Is there a reason why the Romanovs are placed on soldiers' rations only two days before the treaty is signed and that within weeks afterward the family is ordered moved to their stop at Ekaterinburg?  Remember that Lenin owes the Kaiser's people a favour and there is a Benckendorff already living on a farm near Ekaterinburg who has Estonian papers for a boy roughly the same age as the Tsarevich Alexei.  The accepted version has it that the family was moved to Ekaterinburg because of the intervention of the Ural Soviet.  Could there be another reason that has to do with the Benckendorffs and that treaty?

The problem with this story is that the questions keep building one upon the other.  The fate of Nicholas II had been sealed from the moment of the abdication in the previous year and so the monarchy's last hope lay with the teenage boy with the blood disease.  Were those who sat across the table from Lenin's negotiators at Brest-Litovsk willing to sacrifice the Tsar to save his heir?  Is it more important to save the crown than the man who wears it?  Was Lenin willing to take a chance with the young Prince because the blood disease made his chances for long term survival slim and meant he was not seen as much of a threat?

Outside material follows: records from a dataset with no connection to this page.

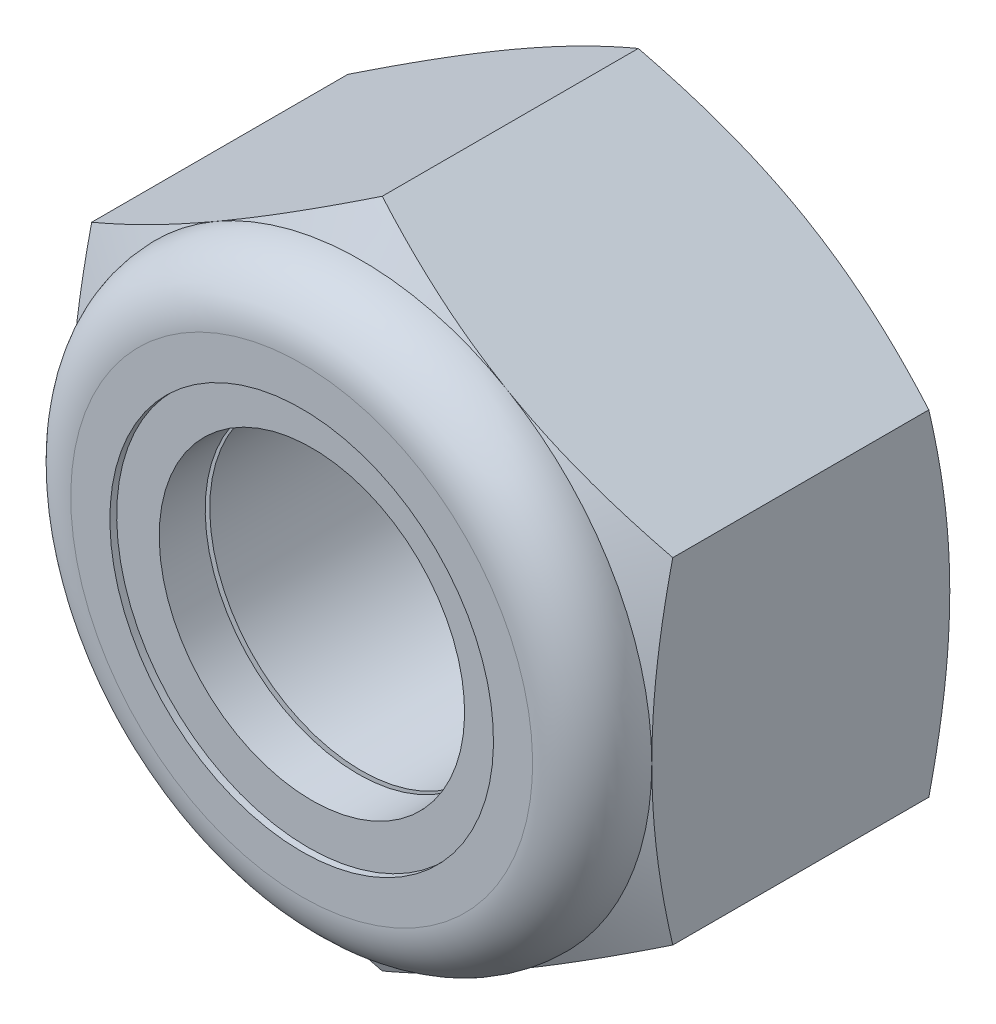
ISO-10303-21;
HEADER;
FILE_DESCRIPTION(('STEP AP214'),'2;1');
FILE_NAME('part.step','',(''),(''),'','','');
FILE_SCHEMA(('AUTOMOTIVE_DESIGN { 1 0 10303 214 1 1 1 1 }'));
ENDSEC;
DATA;
#1=APPLICATION_CONTEXT('core data for automotive mechanical design processes');
#2=APPLICATION_PROTOCOL_DEFINITION('international standard','automotive_design',2000,#1);
#3=PRODUCT_CONTEXT('',#1,'mechanical');
#4=PRODUCT('Part','Part','',(#3));
#5=PRODUCT_RELATED_PRODUCT_CATEGORY('part','',(#4));
#6=PRODUCT_DEFINITION_FORMATION('','',#4);
#7=PRODUCT_DEFINITION_CONTEXT('part definition',#1,'design');
#8=PRODUCT_DEFINITION('design','',#6,#7);
#9=PRODUCT_DEFINITION_SHAPE('','',#8);
#10=(LENGTH_UNIT() NAMED_UNIT(*) SI_UNIT(.MILLI.,.METRE.));
#11=(NAMED_UNIT(*) PLANE_ANGLE_UNIT() SI_UNIT($,.RADIAN.));
#12=(NAMED_UNIT(*) SI_UNIT($,.STERADIAN.) SOLID_ANGLE_UNIT());
#13=UNCERTAINTY_MEASURE_WITH_UNIT(LENGTH_MEASURE(1.E-05),#10,'distance_accuracy_value','');
#14=(GEOMETRIC_REPRESENTATION_CONTEXT(3) GLOBAL_UNCERTAINTY_ASSIGNED_CONTEXT((#13)) GLOBAL_UNIT_ASSIGNED_CONTEXT((#10,
#11,#12)) REPRESENTATION_CONTEXT('',''));
#15=CARTESIAN_POINT('',(0.,0.,0.));
#16=DIRECTION('',(0.,0.,1.));
#17=DIRECTION('',(1.,0.,0.));
#18=AXIS2_PLACEMENT_3D('',#15,#16,#17);
#19=CARTESIAN_POINT('',(0.,5.16666666666666,7.8476));
#20=DIRECTION('',(0.,0.,1.));
#21=DIRECTION('',(0.,-1.,0.));
#22=AXIS2_PLACEMENT_3D('',#19,#20,#21);
#23=PLANE('',#22);
#24=CARTESIAN_POINT('',(0.,0.,7.8476));
#25=DIRECTION('',(0.,0.,-1.));
#26=DIRECTION('',(0.,1.,0.));
#27=AXIS2_PLACEMENT_3D('',#24,#25,#26);
#28=CIRCLE('',#27,4.29131001134832);
#29=CARTESIAN_POINT('',(0.,-4.29131001134832,7.8476));
#30=VERTEX_POINT('',#29);
#31=EDGE_CURVE('P0_E226',#30,#30,#28,.T.);
#32=ORIENTED_EDGE('',*,*,#31,.F.);
#33=EDGE_LOOP('',(#32));
#34=FACE_BOUND('',#33,.T.);
#35=CARTESIAN_POINT('',(0.,0.,7.8476));
#36=DIRECTION('',(0.,0.,-1.));
#37=DIRECTION('',(0.,1.,0.));
#38=AXIS2_PLACEMENT_3D('',#35,#36,#37);
#39=CIRCLE('',#38,5.16666666666667);
#40=CARTESIAN_POINT('',(0.,-5.16666666666667,7.8476));
#41=VERTEX_POINT('',#40);
#42=EDGE_CURVE('P0_E204',#41,#41,#39,.T.);
#43=ORIENTED_EDGE('',*,*,#42,.T.);
#44=EDGE_LOOP('',(#43));
#45=FACE_BOUND('',#44,.T.);
#46=ADVANCED_FACE('P0_F17',(#34,#45),#23,.F.);
#47=CARTESIAN_POINT('',(0.,0.,6.66666666666667));
#48=DIRECTION('',(0.,0.,-1.));
#49=DIRECTION('',(-1.,0.,0.));
#50=AXIS2_PLACEMENT_3D('',#47,#48,#49);
#51=PLANE('',#50);
#52=CARTESIAN_POINT('',(0.,0.,6.66666666666667));
#53=DIRECTION('',(0.,0.,1.));
#54=DIRECTION('',(0.,1.,0.));
#55=AXIS2_PLACEMENT_3D('',#52,#53,#54);
#56=CIRCLE('',#55,3.38975);
#57=CARTESIAN_POINT('',(0.,-3.38975,6.66666666666667));
#58=VERTEX_POINT('',#57);
#59=EDGE_CURVE('P0_E404',#58,#58,#56,.T.);
#60=ORIENTED_EDGE('',*,*,#59,.F.);
#61=EDGE_LOOP('',(#60));
#62=FACE_BOUND('',#61,.T.);
#63=CARTESIAN_POINT('',(0.,0.,6.66666666666667));
#64=DIRECTION('',(0.,0.,-1.));
#65=DIRECTION('',(0.,1.,0.));
#66=AXIS2_PLACEMENT_3D('',#63,#64,#65);
#67=CIRCLE('',#66,6.3476);
#68=CARTESIAN_POINT('',(0.,-6.3476,6.66666666666666));
#69=VERTEX_POINT('',#68);
#70=EDGE_CURVE('P0_E123',#69,#69,#67,.T.);
#71=ORIENTED_EDGE('',*,*,#70,.F.);
#72=EDGE_LOOP('',(#71));
#73=FACE_BOUND('',#72,.T.);
#74=ADVANCED_FACE('P0_F551',(#62,#73),#51,.F.);
#75=CARTESIAN_POINT('',(6.5,3.75277674973257,8.));
#76=DIRECTION('',(-0.5,-0.866025403784439,0.));
#77=DIRECTION('',(-0.866025403784439,0.5,0.));
#78=AXIS2_PLACEMENT_3D('',#75,#76,#77);
#79=PLANE('',#78);
#80=DIRECTION('',(0.,0.,-1.));
#81=VECTOR('',#80,1.);
#82=CARTESIAN_POINT('',(0.,7.50555349946514,8.));
#83=LINE('',#82,#81);
#84=CARTESIAN_POINT('',(0.,7.50555349946514,6.19776936918152));
#85=VERTEX_POINT('',#84);
#86=CARTESIAN_POINT('',(0.,7.50555349946514,0.468897297485159));
#87=VERTEX_POINT('',#86);
#88=EDGE_CURVE('P0_E11',#85,#87,#83,.T.);
#89=ORIENTED_EDGE('',*,*,#88,.F.);
#90=CARTESIAN_POINT('',(-8.11402595225573E-12,7.50555349946982,6.19776936917933));
#91=CARTESIAN_POINT('',(1.74166975079905,6.50000000000188,6.66666666666667));
#92=CARTESIAN_POINT('',(3.25000000000002,5.62916512459884,6.66666666666667));
#93=(BOUNDED_CURVE() B_SPLINE_CURVE(2,(#90,#91,#92),.UNSPECIFIED.,.F.,
.F.) B_SPLINE_CURVE_WITH_KNOTS((3,3),(1.49446607017309,2.3298655330262),
.UNSPECIFIED.) CURVE() GEOMETRIC_REPRESENTATION_ITEM() RATIONAL_B_SPLINE_CURVE((2.10211040392093,
2.26470920953128,2.26470920953128)) REPRESENTATION_ITEM(''));
#94=CARTESIAN_POINT('',(3.25,5.62916512459885,6.66666666666667));
#95=VERTEX_POINT('',#94);
#96=EDGE_CURVE('P0_E304',#85,#95,#93,.T.);
#97=ORIENTED_EDGE('',*,*,#96,.T.);
#98=CARTESIAN_POINT('',(3.25,5.62916512459884,6.66666666666667));
#99=CARTESIAN_POINT('',(4.75833024920097,4.75833024919582,6.66666666666667));
#100=CARTESIAN_POINT('',(6.50000000000809,3.75277674972789,6.19776936917933));
#101=(BOUNDED_CURVE() B_SPLINE_CURVE(2,(#98,#99,#100),.UNSPECIFIED.,.F.,
.F.) B_SPLINE_CURVE_WITH_KNOTS((3,3),(2.32986553302619,3.16526499587929),
.UNSPECIFIED.) CURVE() GEOMETRIC_REPRESENTATION_ITEM() RATIONAL_B_SPLINE_CURVE((2.26470920953128,
2.26470920953128,2.10211040392093)) REPRESENTATION_ITEM(''));
#102=CARTESIAN_POINT('',(6.5,3.75277674973258,6.19776936918152));
#103=VERTEX_POINT('',#102);
#104=EDGE_CURVE('P0_E232',#95,#103,#101,.T.);
#105=ORIENTED_EDGE('',*,*,#104,.T.);
#106=DIRECTION('',(0.,0.,-1.));
#107=VECTOR('',#106,1.);
#108=CARTESIAN_POINT('',(6.5,3.75277674973257,8.));
#109=LINE('',#108,#107);
#110=CARTESIAN_POINT('',(6.5,3.75277674973258,0.468897297485154));
#111=VERTEX_POINT('',#110);
#112=EDGE_CURVE('P0_E162',#103,#111,#109,.T.);
#113=ORIENTED_EDGE('',*,*,#112,.T.);
#114=CARTESIAN_POINT('',(6.5000000000081,3.75277674972789,0.468897297487336));
#115=CARTESIAN_POINT('',(4.75833024920096,4.75833024919583,0.));
#116=CARTESIAN_POINT('',(3.25,5.62916512459886,0.));
#117=(BOUNDED_CURVE() B_SPLINE_CURVE(2,(#114,#115,#116),.UNSPECIFIED.,.F.,
.F.) B_SPLINE_CURVE_WITH_KNOTS((3,3),(1.49446607017308,2.32986553302618),
.UNSPECIFIED.) CURVE() GEOMETRIC_REPRESENTATION_ITEM() RATIONAL_B_SPLINE_CURVE((2.10211040392092,
2.26470920953127,2.26470920953127)) REPRESENTATION_ITEM(''));
#118=CARTESIAN_POINT('',(3.25,5.62916512459885,0.));
#119=VERTEX_POINT('',#118);
#120=EDGE_CURVE('P0_E243',#111,#119,#117,.T.);
#121=ORIENTED_EDGE('',*,*,#120,.T.);
#122=CARTESIAN_POINT('',(3.25,5.62916512459886,0.));
#123=CARTESIAN_POINT('',(1.74166975079904,6.50000000000189,0.));
#124=CARTESIAN_POINT('',(-8.11127958854562E-12,7.50555349946983,0.468897297487341));
#125=(BOUNDED_CURVE() B_SPLINE_CURVE(2,(#122,#123,#124),.UNSPECIFIED.,.F.,
.F.) B_SPLINE_CURVE_WITH_KNOTS((3,3),(2.32986553302618,3.16526499587928),
.UNSPECIFIED.) CURVE() GEOMETRIC_REPRESENTATION_ITEM() RATIONAL_B_SPLINE_CURVE((2.26470920953127,
2.26470920953127,2.10211040392092)) REPRESENTATION_ITEM(''));
#126=EDGE_CURVE('P0_E242',#119,#87,#125,.T.);
#127=ORIENTED_EDGE('',*,*,#126,.T.);
#128=EDGE_LOOP('',(#89,#97,#105,#113,#121,#127));
#129=FACE_BOUND('',#128,.T.);
#130=ADVANCED_FACE('P0_F557',(#129),#79,.F.);
#131=CARTESIAN_POINT('',(0.,7.50555349946514,8.));
#132=DIRECTION('',(0.5,-0.866025403784439,0.));
#133=DIRECTION('',(0.,0.,-1.));
#134=AXIS2_PLACEMENT_3D('',#131,#132,#133);
#135=PLANE('',#134);
#136=DIRECTION('',(0.,0.,-1.));
#137=VECTOR('',#136,1.);
#138=CARTESIAN_POINT('',(-6.5,3.75277674973257,8.));
#139=LINE('',#138,#137);
#140=CARTESIAN_POINT('',(-6.5,3.75277674973257,6.19776936918152));
#141=VERTEX_POINT('',#140);
#142=CARTESIAN_POINT('',(-6.5,3.75277674973258,0.468897297485157));
#143=VERTEX_POINT('',#142);
#144=EDGE_CURVE('P0_E30',#141,#143,#139,.T.);
#145=ORIENTED_EDGE('',*,*,#144,.F.);
#146=CARTESIAN_POINT('',(-6.50000000000811,3.75277674972789,6.19776936917933));
#147=CARTESIAN_POINT('',(-4.75833024920097,4.75833024919582,6.66666666666667));
#148=CARTESIAN_POINT('',(-3.25,5.62916512459886,6.66666666666667));
#149=(BOUNDED_CURVE() B_SPLINE_CURVE(2,(#146,#147,#148),.UNSPECIFIED.,.F.,
.F.) B_SPLINE_CURVE_WITH_KNOTS((3,3),(1.49446607017309,2.3298655330262),
.UNSPECIFIED.) CURVE() GEOMETRIC_REPRESENTATION_ITEM() RATIONAL_B_SPLINE_CURVE((2.10211040392093,
2.26470920953128,2.26470920953128)) REPRESENTATION_ITEM(''));
#150=CARTESIAN_POINT('',(-3.25,5.62916512459886,6.66666666666667));
#151=VERTEX_POINT('',#150);
#152=EDGE_CURVE('P0_E108',#141,#151,#149,.T.);
#153=ORIENTED_EDGE('',*,*,#152,.T.);
#154=CARTESIAN_POINT('',(-3.25,5.62916512459886,6.66666666666667));
#155=CARTESIAN_POINT('',(-1.74166975079904,6.50000000000188,6.66666666666667));
#156=CARTESIAN_POINT('',(8.10135042743967E-12,7.50555349946982,6.19776936917933));
#157=(BOUNDED_CURVE() B_SPLINE_CURVE(2,(#154,#155,#156),.UNSPECIFIED.,.F.,
.F.) B_SPLINE_CURVE_WITH_KNOTS((3,3),(2.3298655330262,3.16526499587929),
.UNSPECIFIED.) CURVE() GEOMETRIC_REPRESENTATION_ITEM() RATIONAL_B_SPLINE_CURVE((2.26470920953128,
2.26470920953128,2.10211040392093)) REPRESENTATION_ITEM(''));
#158=EDGE_CURVE('P0_E310',#151,#85,#157,.T.);
#159=ORIENTED_EDGE('',*,*,#158,.T.);
#160=ORIENTED_EDGE('',*,*,#88,.T.);
#161=CARTESIAN_POINT('',(8.10890292764262E-12,7.50555349946983,0.468897297487343));
#162=CARTESIAN_POINT('',(-1.74166975079904,6.50000000000189,0.));
#163=CARTESIAN_POINT('',(-3.25,5.62916512459886,0.));
#164=(BOUNDED_CURVE() B_SPLINE_CURVE(2,(#161,#162,#163),.UNSPECIFIED.,.F.,
.F.) B_SPLINE_CURVE_WITH_KNOTS((3,3),(1.49446607017308,2.32986553302618),
.UNSPECIFIED.) CURVE() GEOMETRIC_REPRESENTATION_ITEM() RATIONAL_B_SPLINE_CURVE((2.10211040392092,
2.26470920953127,2.26470920953127)) REPRESENTATION_ITEM(''));
#165=CARTESIAN_POINT('',(-3.25,5.62916512459885,0.));
#166=VERTEX_POINT('',#165);
#167=EDGE_CURVE('P0_E233',#87,#166,#164,.T.);
#168=ORIENTED_EDGE('',*,*,#167,.T.);
#169=CARTESIAN_POINT('',(-3.25,5.62916512459886,0.));
#170=CARTESIAN_POINT('',(-4.75833024920096,4.75833024919583,0.));
#171=CARTESIAN_POINT('',(-6.50000000000811,3.75277674972789,0.46889729748734));
#172=(BOUNDED_CURVE() B_SPLINE_CURVE(2,(#169,#170,#171),.UNSPECIFIED.,.F.,
.F.) B_SPLINE_CURVE_WITH_KNOTS((3,3),(2.32986553302618,3.16526499587928),
.UNSPECIFIED.) CURVE() GEOMETRIC_REPRESENTATION_ITEM() RATIONAL_B_SPLINE_CURVE((2.26470920953127,
2.26470920953127,2.10211040392092)) REPRESENTATION_ITEM(''));
#173=EDGE_CURVE('P0_E205',#166,#143,#172,.T.);
#174=ORIENTED_EDGE('',*,*,#173,.T.);
#175=EDGE_LOOP('',(#145,#153,#159,#160,#168,#174));
#176=FACE_BOUND('',#175,.T.);
#177=ADVANCED_FACE('P0_F581',(#176),#135,.F.);
#178=CARTESIAN_POINT('',(-6.5,3.75277674973257,8.));
#179=DIRECTION('',(1.,0.,0.));
#180=DIRECTION('',(0.,1.,0.));
#181=AXIS2_PLACEMENT_3D('',#178,#179,#180);
#182=PLANE('',#181);
#183=DIRECTION('',(0.,0.,-1.));
#184=VECTOR('',#183,1.);
#185=CARTESIAN_POINT('',(-6.5,-3.75277674973257,8.));
#186=LINE('',#185,#184);
#187=CARTESIAN_POINT('',(-6.5,-3.75277674973257,6.19776936918151));
#188=VERTEX_POINT('',#187);
#189=CARTESIAN_POINT('',(-6.5,-3.75277674973256,0.468897297485152));
#190=VERTEX_POINT('',#189);
#191=EDGE_CURVE('P0_E292',#188,#190,#186,.T.);
#192=ORIENTED_EDGE('',*,*,#191,.F.);
#193=CARTESIAN_POINT('',(-6.5,-3.75277674974193,6.19776936917933));
#194=CARTESIAN_POINT('',(-6.5,-1.74166975080606,6.66666666666667));
#195=CARTESIAN_POINT('',(-6.5,0.,6.66666666666667));
#196=(BOUNDED_CURVE() B_SPLINE_CURVE(2,(#193,#194,#195),.UNSPECIFIED.,.F.,
.F.) B_SPLINE_CURVE_WITH_KNOTS((3,3),(1.49446607017309,2.3298655330262),
.UNSPECIFIED.) CURVE() GEOMETRIC_REPRESENTATION_ITEM() RATIONAL_B_SPLINE_CURVE((2.10211040392093,
2.26470920953128,2.26470920953128)) REPRESENTATION_ITEM(''));
#197=CARTESIAN_POINT('',(-6.5,0.,6.66666666666667));
#198=VERTEX_POINT('',#197);
#199=EDGE_CURVE('P0_E390',#188,#198,#196,.T.);
#200=ORIENTED_EDGE('',*,*,#199,.T.);
#201=CARTESIAN_POINT('',(-6.5,0.,6.66666666666667));
#202=CARTESIAN_POINT('',(-6.5,1.74166975080607,6.66666666666667));
#203=CARTESIAN_POINT('',(-6.50000000000001,3.75277674974195,6.19776936917933));
#204=(BOUNDED_CURVE() B_SPLINE_CURVE(2,(#201,#202,#203),.UNSPECIFIED.,.F.,
.F.) B_SPLINE_CURVE_WITH_KNOTS((3,3),(2.3298655330262,3.1652649958793),
.UNSPECIFIED.) CURVE() GEOMETRIC_REPRESENTATION_ITEM() RATIONAL_B_SPLINE_CURVE((2.26470920953128,
2.26470920953128,2.10211040392093)) REPRESENTATION_ITEM(''));
#205=EDGE_CURVE('P0_E173',#198,#141,#204,.T.);
#206=ORIENTED_EDGE('',*,*,#205,.T.);
#207=ORIENTED_EDGE('',*,*,#144,.T.);
#208=CARTESIAN_POINT('',(-6.5,3.75277674974194,0.46889729748734));
#209=CARTESIAN_POINT('',(-6.5,1.74166975080607,0.));
#210=CARTESIAN_POINT('',(-6.5,0.,0.));
#211=(BOUNDED_CURVE() B_SPLINE_CURVE(2,(#208,#209,#210),.UNSPECIFIED.,.F.,
.F.) B_SPLINE_CURVE_WITH_KNOTS((3,3),(1.49446607017308,2.32986553302618),
.UNSPECIFIED.) CURVE() GEOMETRIC_REPRESENTATION_ITEM() RATIONAL_B_SPLINE_CURVE((2.10211040392092,
2.26470920953127,2.26470920953127)) REPRESENTATION_ITEM(''));
#212=CARTESIAN_POINT('',(-6.5,0.,0.));
#213=VERTEX_POINT('',#212);
#214=EDGE_CURVE('P0_E212',#143,#213,#211,.T.);
#215=ORIENTED_EDGE('',*,*,#214,.T.);
#216=CARTESIAN_POINT('',(-6.5,0.,0.));
#217=CARTESIAN_POINT('',(-6.5,-1.74166975080605,0.));
#218=CARTESIAN_POINT('',(-6.5,-3.75277674974192,0.468897297487329));
#219=(BOUNDED_CURVE() B_SPLINE_CURVE(2,(#216,#217,#218),.UNSPECIFIED.,.F.,
.F.) B_SPLINE_CURVE_WITH_KNOTS((3,3),(2.32986553302618,3.16526499587927),
.UNSPECIFIED.) CURVE() GEOMETRIC_REPRESENTATION_ITEM() RATIONAL_B_SPLINE_CURVE((2.26470920953127,
2.26470920953127,2.10211040392092)) REPRESENTATION_ITEM(''));
#220=EDGE_CURVE('P0_E345',#213,#190,#219,.T.);
#221=ORIENTED_EDGE('',*,*,#220,.T.);
#222=EDGE_LOOP('',(#192,#200,#206,#207,#215,#221));
#223=FACE_BOUND('',#222,.T.);
#224=ADVANCED_FACE('P0_F527',(#223),#182,.F.);
#225=CARTESIAN_POINT('',(-6.5,-3.75277674973257,8.));
#226=DIRECTION('',(0.5,0.866025403784439,0.));
#227=DIRECTION('',(0.,0.,-1.));
#228=AXIS2_PLACEMENT_3D('',#225,#226,#227);
#229=PLANE('',#228);
#230=DIRECTION('',(0.,0.,-1.));
#231=VECTOR('',#230,1.);
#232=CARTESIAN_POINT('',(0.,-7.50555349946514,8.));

Could Tsar Alexei II prove to be a useful hostage if the revolution did not go the way that Lenin had planned?  The Bolsheviks would be fighting the Whites and the Czechs as well as the British, Canadian and American armies for another two years.  Our Alexei and his foster family waited for a full year to pass after the signing of the armistice that ended the revolution in 1920 before they dared to move even an inch from their farm in Koptyaki.  For more than three years the next Tsar was hidden in a place that was only walking distance from the shallow grave of his family that would not be discovered for another seven decades.

©  J. Kendrick 1997                                                                                                                                        (Continued on page 28)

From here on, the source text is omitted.